Efﬁcient Stream Analysis and its Application to Big Data Processing
Nowadays stream analysis is used in many context where the amount of data and/or the rate at which it is generated rules out other approaches (e.g., batch processing). The data streaming model provides randomized and/or approximated solutions to compute specific functions over (distributed) stream(s) of data-items in worst case scenarios, while striving for small resources usage. In particular, we look into two classical and related data streaming problems: frequency estimation and (distributed) heavy hitters. Solutions to these problems have a wide area of application, spanning from data bases to network monitoring. A less common field of application is stream processing which is somehow complementary and more practical, providing efficient and highly scalable frameworks to perform soft real-time generic computation on streams, relying on cloud computing. This duality allows us to apply data streaming solutions to optimize stream processing systems. In this talk, we introduce a novel algorithm to track heavy hitters in distributed streams and two extensions of a well-known algorithm to estimate the frequencies of data items. We also tackle two related problems and their solution: provide even partitioning of the item universe based on their weights and provide an estimation of the values carried by the items of the stream. We then apply these results to both network monitoring and stream processing. In particular, we leverage these solutions to perform load shedding as well as to load balance parallelized operators in stream processing systems.

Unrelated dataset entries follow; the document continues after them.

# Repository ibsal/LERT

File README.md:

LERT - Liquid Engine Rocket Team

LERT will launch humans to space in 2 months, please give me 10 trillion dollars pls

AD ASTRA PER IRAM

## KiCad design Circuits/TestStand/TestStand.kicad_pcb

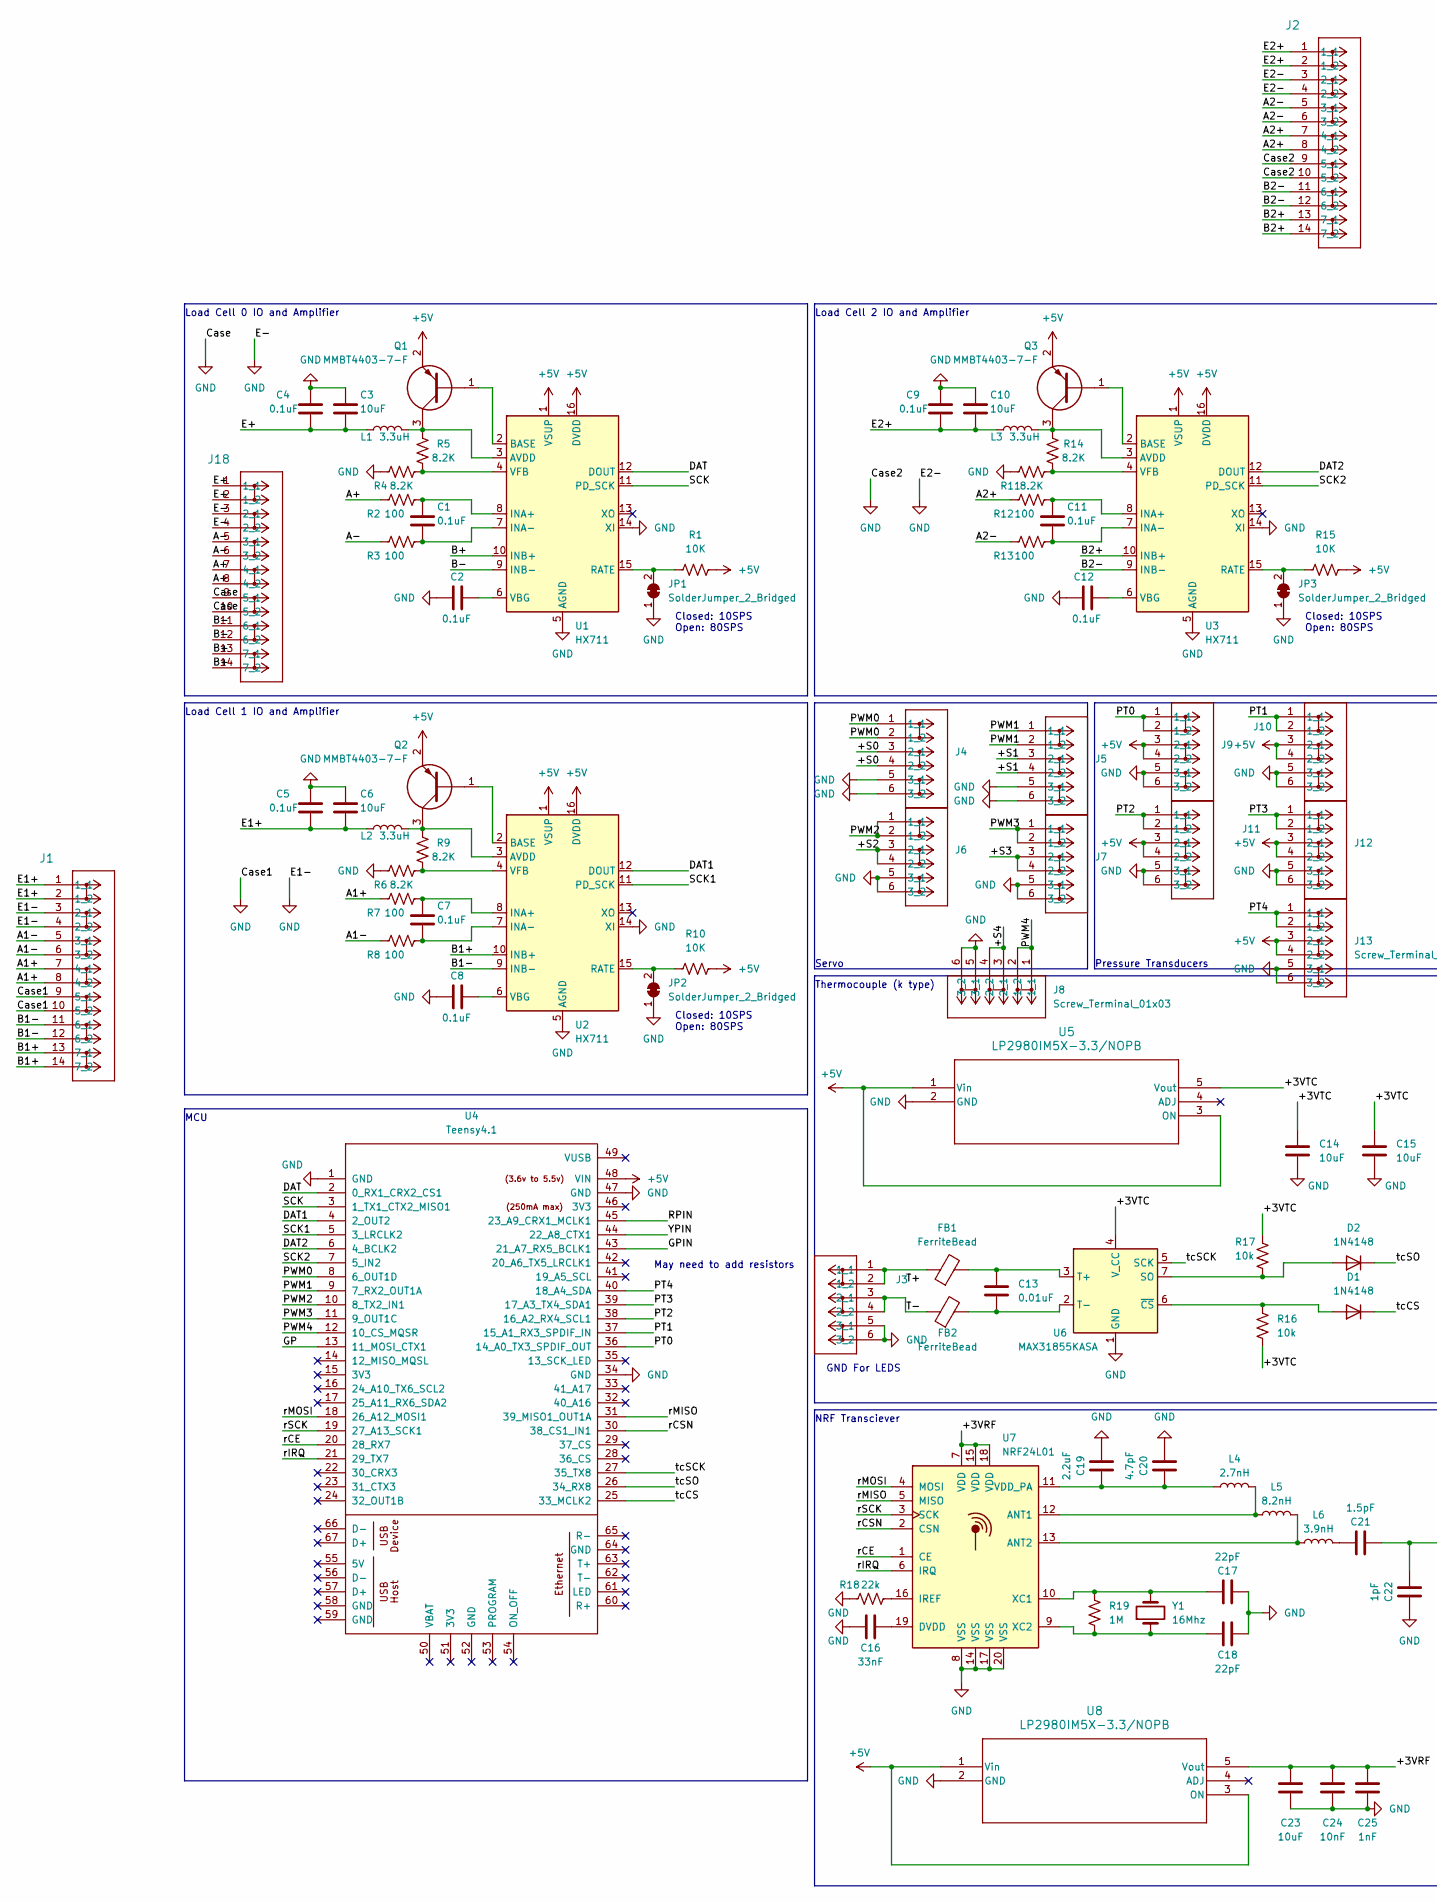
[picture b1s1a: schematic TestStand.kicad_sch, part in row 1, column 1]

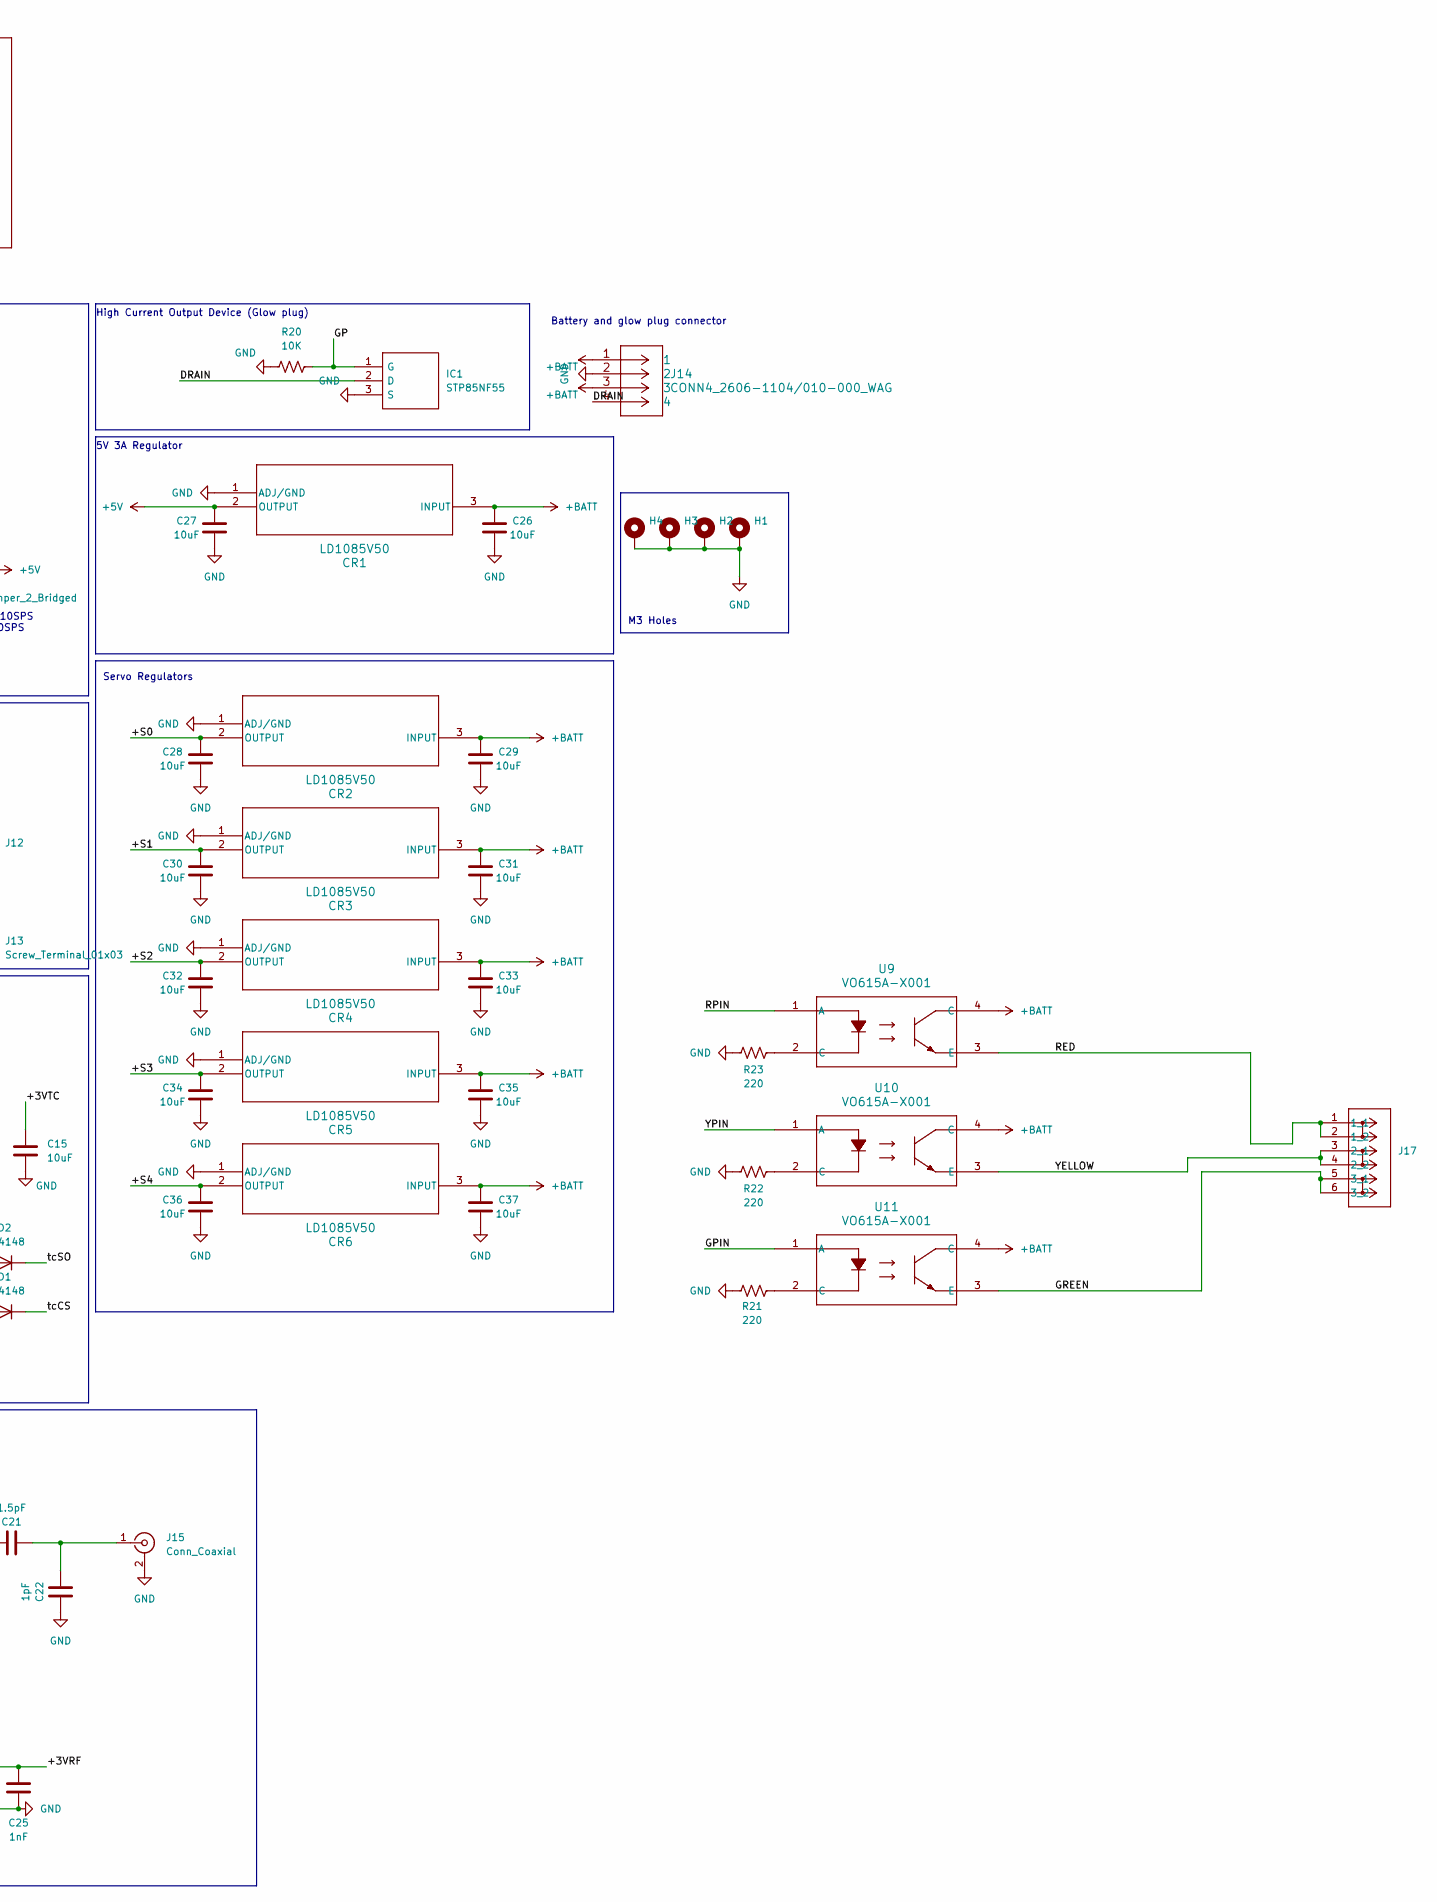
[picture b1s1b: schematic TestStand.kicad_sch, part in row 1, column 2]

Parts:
C1, C2, C4, C5, C7, C8, C9, C11, C12: 0.1uF; C_0805_2012Metric; LCSC C126469
C3, C6, C10, C14, C15, C23, C26, C27, C28, C29, C30, C31, C32, C33, C34, C35, C36, C37: 10uF; C_0805_2012Metric; LCSC C15850
C13: 0.01uF; C_0805_2012Metric; LCSC C1710
C16: 33nF; C_0805_2012Metric; LCSC C1739
C17, C18: 22pF; C_0805_2012Metric; LCSC C1804
C19: 2.2uF; C_0805_2012Metric; LCSC C377773
C20: 4.7pF; C_0805_2012Metric; LCSC C519993
C21: 1.5pF; C_0805_2012Metric; LCSC C1788
C22: 1pF; C_0805_2012Metric; LCSC C1786
C24: 10nF; C_0805_2012Metric; LCSC C1710
C25: 1nF; C_0805_2012Metric; LCSC C46653
CR1, CR2, CR3, CR4, CR5, CR6: LD1085V50; TO-220_STM; LCSC C283283
D1, D2: 1N4148; D_DO-35_SOD27_P7.62mm_Horizontal
FB1, FB2: FerriteBead; L_0805_2012Metric
H1, H2, H3, H4: MountingHole_Pad; MountingHole_3.2mm_M3_Pad
IC1: STP85NF55; TO255P460X1020X2008-3P; Mouser Part Number 511-STP85NF55
J1, J2, J18: 2601-1107; CONN7_2601-1107_WAG
J3, J4, J5, J6, J7, J8, J9, J10, J11, J12, J13, J17: Screw_Terminal_01x03; CONN3_2601-1103_WAG
J14: CONN4_2606-1104/010-000_WAG; 2606-1104&slash_010-000
J15: Conn_Coaxial; SMA_Molex_73251-1153_EdgeMount_Horizontal
JP1, JP2, JP3: SolderJumper_2_Bridged; SolderJumper-2_P1.3mm_Bridged_RoundedPad1.0x1.5mm
L1, L2, L3: 3.3uH; L_0402_1005Metric; LCSC C84474
L4: 2.7nH; L_0402_1005Metric; LCSC C77108
L5: 8.2nH; L_0402_1005Metric; LCSC C76778
L6: 3.9nH; L_0402_1005Metric; LCSC C14033
Q1, Q2, Q3: MMBT4403-7-F; SOT96P240X110-3N; Mouser Part Number 621-MMBT4403-F
R1, R10, R15, R20: 10K; R_0805_2012Metric; LCSC C17414
R2, R3, R7, R8, R12, R13: 100; R_0805_2012Metric; LCSC C17408
R4, R5, R6, R9, R11, R14: 8.2K; R_0805_2012Metric; LCSC C17828
R16, R17: 10k; R_0805_2012Metric; LCSC C17414
R18: 22k; R_0805_2012Metric; LCSC C17560
R19: 1M; R_0805_2012Metric; LCSC C17514
R21, R22, R23: 220; R_0805_2012Metric
U1, U2, U3: HX711; SOP-16_3.9x9.9mm_P1.27mm; LCSC C6705483
U4: Teensy4.1; Teensy41
U5, U8: LP2980IM5X-3.3/NOPB; MF05A_TEX; LCSC C88715
U6: MAX31855KASA; SOIC-8_3.9x4.9mm_P1.27mm; LCSC C52028
U7: NRF24L01; QFN-20-1EP_4x4mm_P0.5mm_EP2.5x2.5mm; LCSC C8791
U9, U10, U11: VO615A-X001; DIP-4_VO615A_VIS
Y1: 16Mhz; Crystal_SMD_5032-2Pin_5.0x3.2mm; LCSC C122519

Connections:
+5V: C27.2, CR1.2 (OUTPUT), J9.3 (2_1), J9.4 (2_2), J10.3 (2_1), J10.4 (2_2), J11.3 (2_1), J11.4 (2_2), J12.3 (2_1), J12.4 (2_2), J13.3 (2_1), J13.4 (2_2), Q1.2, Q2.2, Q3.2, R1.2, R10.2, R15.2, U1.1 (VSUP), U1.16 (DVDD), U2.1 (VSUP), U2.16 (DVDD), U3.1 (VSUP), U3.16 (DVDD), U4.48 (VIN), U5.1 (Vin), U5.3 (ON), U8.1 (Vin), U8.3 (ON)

Bio: Nicolò Rivetti di Val Cervo recently got a PhD in co-turoship between the LINA / University of Nantes (France) and the DIAG / Sapienza University of Rome. He got both his B.S. and M.S. in Engineering in Computer Science at DIAG / Sapienza University of Rome. Nicolò's research interests are currently focussed on the Data Streaming model where and in particular on the design of algorithms for the estimation of functions over massively distributed data streams. His interests also span over other fields dealing with big data, including Network Monitoring and Stream Processing.